▶ Task brief
For each line of the data below, copy it if it holds the word "ezdxf".

--- --- ---

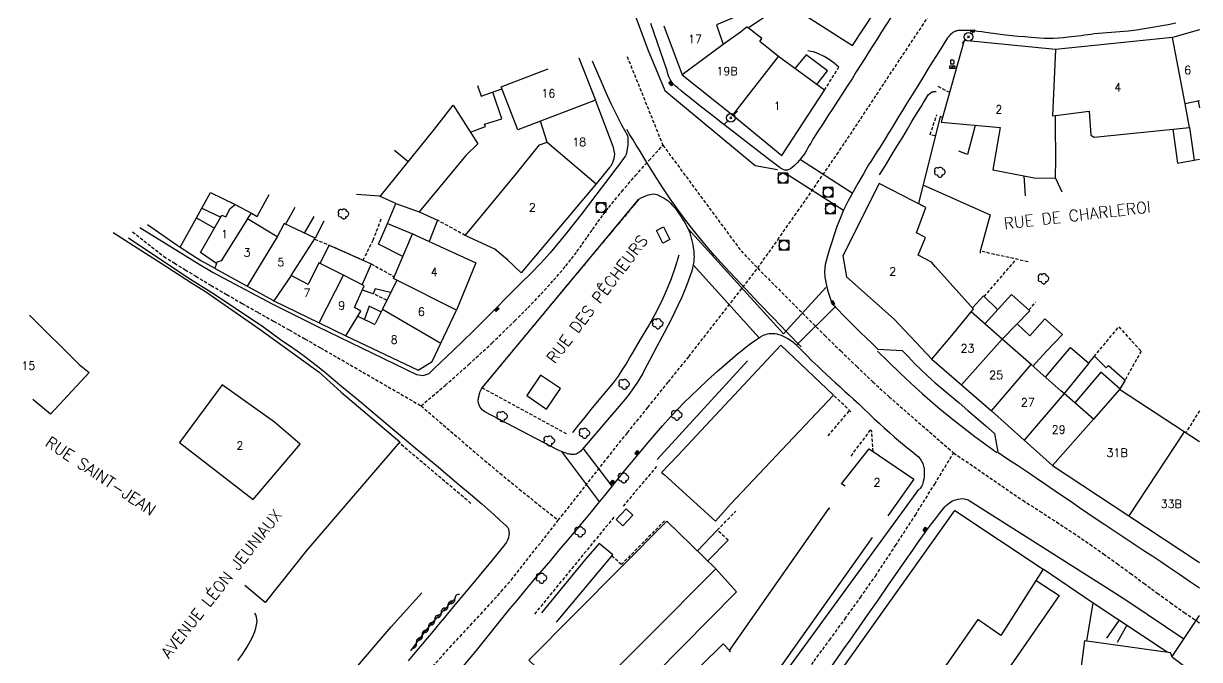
# Model space of a CAD drawing. Header units: millimetres. Extents: x 146000 to 147001, y 141999 to 143000.
# Drawn here: x 146819.2 to 147000, y 142788.1 to 142885.9 of the extents above; entities that cross this region are included whole.
import ezdxf
from ezdxf.enums import TextEntityAlignment as Align

# ---------------------------------------------------------------- set-up
doc = ezdxf.new("R2010")
doc.units = ezdxf.units.MM
doc.linetypes.add('DASHED', pattern=[0.75, 0.5, -0.25])
doc.layers.get('0').update_dxf_attribs({"linetype": 'CONTINUOUS'})
for name, color, linetype in [('W0001', 6, 'DASHED'), ('W0006', 2, 'CONTINUOUS'), ('W0008', 7, 'CONTINUOUS'), ('W0014', 7, 'CONTINUOUS'), ('W0017', 7, 'CONTINUOUS'), ('W0020', 2, 'CONTINUOUS'), ('W0101', 7, 'CONTINUOUS'), ('W0104', 1, 'CONTINUOUS'), ('W0105', 7, 'CONTINUOUS'), ('W0112', 1, 'DASHED'), ('W0300', 7, 'CONTINUOUS'), ('W0310', 3, 'CONTINUOUS'), ('W0333', 7, 'CONTINUOUS'), ('W0401', 7, 'CONTINUOUS'), ('W0420', 7, 'CONTINUOUS'), ('W0438', 7, 'CONTINUOUS'), ('W0473', 7, 'CONTINUOUS'), ('W0989', 7, 'CONTINUOUS'), ('W0991', 7, 'CONTINUOUS'), ('W1102', 7, 'CONTINUOUS')]:
    doc.layers.add(name, color=color, linetype=linetype)
doc.styles.get("Standard").update_dxf_attribs({"font": 'romans.shx', "width": 0.85})

# ---------------------------------------------------------------- blocks, each defined once
blk = doc.blocks.new('T420')
for p, q in [((0.75, 0.75), (-0.75, 0.75)), ((-0.75, 0.75), (-0.75, -0.75)), ((0.75, 0.75), (0.75, -0.75)), ((0.75, -0.75), (-0.75, -0.75))]:
    blk.add_line(p, q)
blk.add_ellipse((0, 0), major_axis=(-0.53, 0.53), ratio=1, start_param=3.926991, end_param=10.210176)
blk = doc.blocks.new('T401')
for p, q in [((-0.3, 0.3), (0, 0.3)), ((-0.3, -0.25), (-0.3, 0.3)), ((-0.3, 0.15), (0, 0.15)), ((-0.3, 0), (0, 0)), ((0, 0.3), (0, -0.25)), ((-0.3, -0.15), (0, -0.15)), ((-0.3, -0.25), (-0.3, -0.3)), ((-0.3, -0.3), (0, -0.3)), ((0, -0.3), (0, -0.25))]:
    blk.add_line(p, q)
blk = doc.blocks.new('T300')
for p, q in [((-0.8, 0.51), (-0.86, 0.34)), ((-0.86, 0.34), (-0.86, 0.17)), ((-0.86, 0.17), (-0.74, 0.06)), ((-0.69, 0.63), (-0.8, 0.51)), ((-0.8, -0.06), (-0.74, 0.06)), ((-0.74, 0.06), (-0.69, 0.11)), ((-0.57, 0.69), (-0.69, 0.63)), ((-0.46, 0.69), (-0.57, 0.69)), ((-0.29, 0.63), (-0.46, 0.69)), ((-0.29, 0.63), (-0.17, 0.74)), ((-0.23, 0.57), (-0.29, 0.63)), ((-0.17, 0.74), (-0.06, 0.8)), ((-0.06, 0.8), (0.06, 0.8)), ((0.06, 0.8), (0.23, 0.74)), ((0.23, 0.74), (0.34, 0.63)), ((0.34, 0.63), (0.4, 0.51)), ((0.46, 0.46), (0.34, 0.46)), ((0.4, 0.51), (0.4, 0.46)), ((0.57, 0.4), (0.46, 0.46)), ((0.57, 0.4), (0.69, 0.29)), ((0.69, 0.29), (0.74, 0.17)), ((0.74, 0.06), (0.69, -0.17)), ((0.74, 0.17), (0.74, 0.06)), ((-0.8, -0.17), (-0.8, -0.06)), ((-0.8, -0.23), (-0.8, -0.17)), ((-0.74, -0.34), (-0.8, -0.23)), ((-0.69, -0.4), (-0.74, -0.34)), ((-0.51, -0.46), (-0.69, -0.4)), ((-0.4, -0.46), (-0.51, -0.46)), ((-0.4, -0.46), (-0.34, -0.46)), ((-0.34, -0.46), (-0.34, -0.4)), ((-0.34, -0.51), (-0.34, -0.46)), ((-0.29, -0.63), (-0.34, -0.51)), ((-0.17, -0.74), (-0.29, -0.63)), ((-0.06, -0.8), (-0.17, -0.74)), ((0.06, -0.8), (-0.06, -0.8)), ((0.17, -0.74), (0.06, -0.8)), ((0.23, -0.69), (0.17, -0.74)), ((0.29, -0.46), (0.23, -0.46)), ((0.29, -0.63), (0.23, -0.69)), ((0.46, -0.4), (0.29, -0.46)), ((0.34, -0.51), (0.29, -0.63)), ((0.34, -0.51), (0.34, -0.46)), ((0.57, -0.34), (0.46, -0.4)), ((0.63, -0.29), (0.57, -0.34)), ((0.69, -0.17), (0.63, -0.29))]:
    blk.add_line(p, q)
blk = doc.blocks.new('T438')
for p, q in [((-0.4, 0.2), (0.4, 0.2)), ((-0.4, -0.2), (-0.4, 0.2)), ((0.15, 1.1), (-0.3, 1.1)), ((-0.3, 1.1), (-0.3, 0.5)), ((-0.3, 0.5), (0.15, 0.5)), ((0.3, 0.65), (0.3, 0.95)), ((0.4, 0.2), (0.4, -0.2))]:
    blk.add_line(p, q)
at = {"flags": 128}
for points in [[(-0.4, -0.2), (0.4, 0.2)], [(0.4, -0.2), (-0.4, -0.2)]]:
    blk.add_lwpolyline(points, dxfattribs=at)
for centre, major_axis, start_param, end_param in [((0.15, 0.95), (0.106, -0.106), 0.785398, 2.356194), ((0.15, 0.65), (0.106, 0.106), 3.926991, 5.497787)]:
    blk.add_ellipse(centre, major_axis=major_axis, ratio=1, start_param=start_param, end_param=end_param)
blk = doc.blocks.new('T473')
for p, q in [((-0.166667, 0.166667), (0.166667, -0.166667)), ((-0.166667, -0.166667), (0.166667, 0.166667)), ((0.500001, 0.500001), (1.000002, 1.000002)), ((-1.000002, -1.000002), (-0.500001, -0.500001))]:
    blk.add_line(p, q)
blk.add_ellipse((0, 0), major_axis=(0.471405, 0.471405), ratio=1, start_param=5.4977871438, end_param=11.780972451)
blk = doc.blocks.new('t310o')
at = {"color": 0, "linetype": 'Continuous'}
for centre, start, end in [((-0.5, 0.38), 216.8699, 323.1304), ((0.5, -0.37), 36.8699, 143.1303)]:
    blk.add_arc(centre, 0.625, start, end, dxfattribs=at)

msp = doc.modelspace()

# ---------------------------------------------------------------- linework, layer by layer
at = {"layer": 'W0001'}
for points in [[(146932.08, 142848.23), (146935.16, 142852.58), (146938.22, 142856.95), (146941.25, 142861.34), (146944.26, 142865.74), (146945.49, 142867.56), (146946.72, 142869.39), (146947.94, 142871.23), (146949.15, 142873.07), (146950.36, 142874.91), (146951.57, 142876.75), (146952.79, 142878.59), (146954, 142880.43), (146961.79, 142892.12)], [(146912, 142880.8), (146917.51, 142867.14)], [(146880.33, 142827.08), (146884.03, 142830.22), (146887.67, 142833.44), (146891.23, 142836.73), (146894.72, 142840.11), (146896.76, 142842.16), (146898.76, 142844.25), (146900.71, 142846.39), (146902.59, 142848.58), (146903.46, 142849.67), (146904.29, 142850.79), (146905.11, 142851.92), (146905.91, 142853.06), (146906.7, 142854.21), (146907.51, 142855.35), (146908.33, 142856.47), (146909.19, 142857.57), (146911.19, 142860.03), (146913.25, 142862.44), (146915.36, 142864.81), (146917.51, 142867.14)], [(146917.51, 142867.14), (146929.52, 142850.9), (146932.08, 142848.23)], [(146835.97, 142853.85), (146840.79, 142850.04), (146842.42, 142849.02), (146844.05, 142848.01), (146845.69, 142847.01), (146848.06, 142845.59), (146850.45, 142844.19), (146852.84, 142842.81), (146855.25, 142841.45), (146857.66, 142840.09), (146860.07, 142838.74), (146862.48, 142837.37), (146864.88, 142836), (146880.33, 142827.08)], [(146901.43, 142809.48), (146908.93, 142819.02), (146912.06, 142822.94), (146915.2, 142826.84), (146918.35, 142830.75), (146921.51, 142834.65), (146932.08, 142848.23)], [(146932.08, 142848.23), (146942.4, 142837.89), (146944.84, 142835.51), (146947.3, 142833.13), (146949.77, 142830.78), (146952.28, 142828.47), (146962.2, 142819.85)], [(146880.33, 142827.08), (146889.51, 142819.17), (146892.46, 142816.71), (146895.43, 142814.27), (146898.42, 142811.86), (146901.43, 142809.48)], [(146926.89, 142770.62), (146932.16, 142776.15), (146934.43, 142778.97), (146936.57, 142781.9), (146938.65, 142784.87), (146940.75, 142787.82), (146943.13, 142791.07), (146945.52, 142794.32), (146947.87, 142797.6), (146950.17, 142800.91), (146953.28, 142805.58), (146956.32, 142810.29), (146959.29, 142815.05), (146962.2, 142819.85)], [(146962.2, 142819.85), (146972.83, 142812.55), (146975.43, 142810.89), (146978.02, 142809.22), (146980.61, 142807.52), (146983.16, 142805.79), (146985.25, 142804.32), (146987.32, 142802.83), (146989.39, 142801.32), (146991.44, 142799.81), (146993.5, 142798.29), (146995.57, 142796.8), (146997.66, 142795.32), (146999.77, 142793.88), (147000, 142793.73)], [(146859.01, 142750.95), (146860, 142753.65), (146861.09, 142756.31), (146862.28, 142758.93), (146863.57, 142761.5), (146865.31, 142764.65), (146867.19, 142767.72), (146869.17, 142770.73), (146871.23, 142773.68), (146873.7, 142776.97), (146876.29, 142780.17), (146878.95, 142783.31), (146881.63, 142786.43), (146883.17, 142788.18), (146884.74, 142789.92), (146886.32, 142791.63), (146887.92, 142793.34), (146889.51, 142795.05), (146891.09, 142796.77), (146892.65, 142798.51), (146894.18, 142800.28), (146901.43, 142809.48)]]:
    msp.add_lwpolyline(points, dxfattribs=at)
at = {"layer": 'W0006'}
for points in [[(146892.54, 142947.75), (146892.6, 142942.99), (146902.87, 142915.17), (146915.14, 142881.97), (146917.79, 142875.54), (146931.71, 142864.05), (146935.14, 142863.39)], [(146950.5, 142835.49), (146952.2, 142833.82), (146953.93, 142832.16), (146955.67, 142830.53), (146957.44, 142828.93), (146958.6, 142827.9), (146959.77, 142826.89), (146960.96, 142825.89), (146962.17, 142824.91), (146963.8, 142823.62), (146965.46, 142822.36), (146967.14, 142821.13), (146968.84, 142819.92)]]:
    msp.add_lwpolyline(points, dxfattribs=at)
at = {"layer": 'W0008'}
msp.add_lwpolyline([(146889.7, 142829.86), (146913.83, 142858.84)], dxfattribs=at)
at = {"layer": 'W0014'}
for points in [[(146952.65, 142886.94), (146951.79, 142885.62), (146951.13, 142884.6), (146950.48, 142883.57), (146949.83, 142882.54), (146949.18, 142881.5), (146948.54, 142880.47), (146947.89, 142879.44), (146947.24, 142878.41), (146946.59, 142877.38), (146945.85, 142876.23), (146945.11, 142875.09), (146944.37, 142873.94), (146943.62, 142872.8), (146942.88, 142871.66), (146942.14, 142870.51), (146941.4, 142869.37), (146940.67, 142868.21), (146940.45, 142867.85), (146940.23, 142867.48), (146940.02, 142867.11), (146939.81, 142866.73), (146939.6, 142866.36), (146939.37, 142865.99), (146939.13, 142865.64), (146938.88, 142865.29), (146938.53, 142864.85), (146938.16, 142864.42), (146937.76, 142864.01), (146937.31, 142863.66), (146937.1, 142863.53), (146936.88, 142863.41), (146936.64, 142863.33), (146936.38, 142863.29), (146936.24, 142863.31), (146936.11, 142863.35), (146935.99, 142863.41), (146935.87, 142863.47), (146935.78, 142863.51), (146935.7, 142863.56), (146935.61, 142863.62), (146935.53, 142863.67)], [(146918.19, 142878.58), (146915.67, 142885.85)], [(146996.38, 142885.89), (146995.18, 142885.65), (146993.98, 142885.44), (146992.76, 142885.23), (146991.54, 142885.04), (146990.31, 142884.86), (146989.08, 142884.7), (146988.43, 142884.63), (146987.77, 142884.57), (146987.11, 142884.52), (146986.45, 142884.47), (146985.8, 142884.42), (146985.14, 142884.37), (146984.48, 142884.31), (146983.83, 142884.25), (146983.33, 142884.19), (146982.83, 142884.13), (146982.33, 142884.06), (146981.83, 142883.99), (146981.33, 142883.92), (146980.83, 142883.85), (146980.33, 142883.79), (146979.82, 142883.74), (146979.08, 142883.67), (146978.33, 142883.6), (146977.58, 142883.56), (146976.83, 142883.54), (146976.15, 142883.56), (146975.47, 142883.6), (146974.8, 142883.67), (146974.13, 142883.72), (146973.13, 142883.8), (146972.14, 142883.89), (146971.15, 142883.98), (146970.16, 142884.08), (146969.78, 142884.13), (146969.4, 142884.18), (146969.02, 142884.23), (146968.65, 142884.29), (146968.27, 142884.35), (146967.89, 142884.4), (146967.52, 142884.45), (146967.14, 142884.5), (146966.52, 142884.58), (146965.91, 142884.65), (146965.29, 142884.72), (146964.67, 142884.77), (146964.32, 142884.79), (146963.98, 142884.8), (146963.63, 142884.8), (146963.28, 142884.8), (146963.15, 142884.79), (146963.01, 142884.79), (146962.88, 142884.78), (146962.74, 142884.75), (146962.66, 142884.73), (146962.57, 142884.71), (146962.49, 142884.68), (146962.41, 142884.65), (146962.28, 142884.58), (146962.15, 142884.5), (146962.03, 142884.42), (146961.92, 142884.33), (146961.73, 142884.17), (146961.56, 142884.01), (146961.4, 142883.83), (146961.25, 142883.64)], [(146961.25, 142883.64), (146959.91, 142881.5), (146958.57, 142879.36), (146957.24, 142877.22), (146955.92, 142875.07), (146955.39, 142874.2), (146954.86, 142873.34), (146954.33, 142872.47), (146953.8, 142871.6), (146953.27, 142870.73), (146952.74, 142869.86), (146952.21, 142868.99), (146951.68, 142868.13), (146951.26, 142867.46), (146950.84, 142866.79), (146950.41, 142866.12), (146949.99, 142865.46), (146949.56, 142864.79), (146949.14, 142864.12), (146948.73, 142863.44), (146948.33, 142862.76), (146947.53, 142861.38), (146946.74, 142859.99), (146945.98, 142858.59), (146945.29, 142857.14), (146944.76, 142855.9), (146944.27, 142854.64), (146943.83, 142853.37), (146943.42, 142852.08), (146943.08, 142851.01), (146942.74, 142849.92), (146942.48, 142848.81), (146942.36, 142847.67), (146942.4, 142846.87), (146942.54, 142846.09), (146942.73, 142845.32), (146942.94, 142844.57), (146943.07, 142844.11), (146943.22, 142843.65), (146943.39, 142843.21), (146943.57, 142842.77)], [(146906.65, 142880.1), (146906.65, 142880.1), (146906.65, 142880.1), (146906.65, 142880.1), (146906.65, 142880.1), (146908.12, 142876.71), (146908.12, 142876.71), (146908.12, 142876.71), (146908.12, 142876.71), (146908.41, 142875.98), (146908.72, 142875.25), (146909.48, 142873.56), (146910.3, 142871.9), (146911.16, 142870.26), (146912.07, 142868.65)], [(146935.53, 142863.67), (146933.7, 142865.08), (146931.86, 142866.48), (146930.03, 142867.89), (146928.2, 142869.3), (146926.69, 142870.48), (146925.17, 142871.65), (146923.66, 142872.84), (146922.16, 142874.03), (146921.55, 142874.52), (146920.94, 142875), (146920.33, 142875.5), (146919.74, 142876.01), (146919.52, 142876.2), (146919.29, 142876.39), (146919.07, 142876.6), (146918.88, 142876.83), (146918.64, 142877.24), (146918.44, 142877.67), (146918.29, 142878.12), (146918.19, 142878.58)], [(146950.83, 142862.59), (146951.72, 142864.05), (146952.6, 142865.5), (146953.49, 142866.95), (146954.37, 142868.41), (146955.09, 142869.6), (146955.8, 142870.79), (146956.52, 142871.98), (146957.26, 142873.15), (146957.59, 142873.71), (146957.91, 142874.3), (146958.3, 142874.87), (146958.81, 142875.33), (146958.89, 142875.36), (146958.97, 142875.38), (146959.05, 142875.38), (146959.13, 142875.39), (146959.22, 142875.4), (146959.32, 142875.41), (146959.42, 142875.42), (146959.51, 142875.42)], [(146912.07, 142868.65), (146912.1, 142868.3), (146912.12, 142867.96), (146912.12, 142867.61), (146912.11, 142867.27), (146912.08, 142866.92), (146912.02, 142866.57), (146911.96, 142866.23), (146911.89, 142865.89), (146911.87, 142865.8), (146911.84, 142865.71), (146911.81, 142865.62), (146911.78, 142865.53)], [(146911.78, 142865.53), (146911.22, 142864.77), (146910.66, 142864.01), (146910.09, 142863.25), (146909.51, 142862.5), (146907.22, 142859.49), (146904.94, 142856.48), (146902.61, 142853.51), (146900.18, 142850.61), (146898.72, 142849), (146897.21, 142847.45), (146895.68, 142845.92), (146894.15, 142844.39), (146891.22, 142841.45), (146888.27, 142838.53), (146885.3, 142835.63), (146882.31, 142832.75)], [(146913.83, 142858.84), (146914.17, 142859.05), (146914.54, 142859.23), (146914.91, 142859.38), (146915.3, 142859.51), (146915.56, 142859.57), (146915.82, 142859.63), (146916.1, 142859.65), (146916.37, 142859.63), (146916.56, 142859.59), (146916.74, 142859.51), (146916.91, 142859.42), (146917.07, 142859.33), (146917.39, 142859.17), (146917.71, 142859), (146918.01, 142858.81), (146918.3, 142858.6), (146918.67, 142858.26), (146919.01, 142857.89), (146919.33, 142857.5), (146919.63, 142857.11), (146919.87, 142856.79), (146920.09, 142856.46), (146920.31, 142856.12), (146920.52, 142855.78), (146920.76, 142855.41), (146920.99, 142855.05), (146921.21, 142854.67), (146921.4, 142854.28), (146921.63, 142853.68), (146921.81, 142853.07), (146921.96, 142852.45), (146922.09, 142851.83), (146922.18, 142851.36), (146922.24, 142850.88), (146922.28, 142850.41), (146922.3, 142849.93), (146922.28, 142849.63), (146922.25, 142849.33), (146922.2, 142849.03), (146922.15, 142848.74), (146922.07, 142848.37), (146921.99, 142848), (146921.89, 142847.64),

--- --- ---

▶ Exercise output
import ezdxf
from ezdxf.enums import TextEntityAlignment as Align
doc = ezdxf.new("R2010")
doc.units = ezdxf.units.MM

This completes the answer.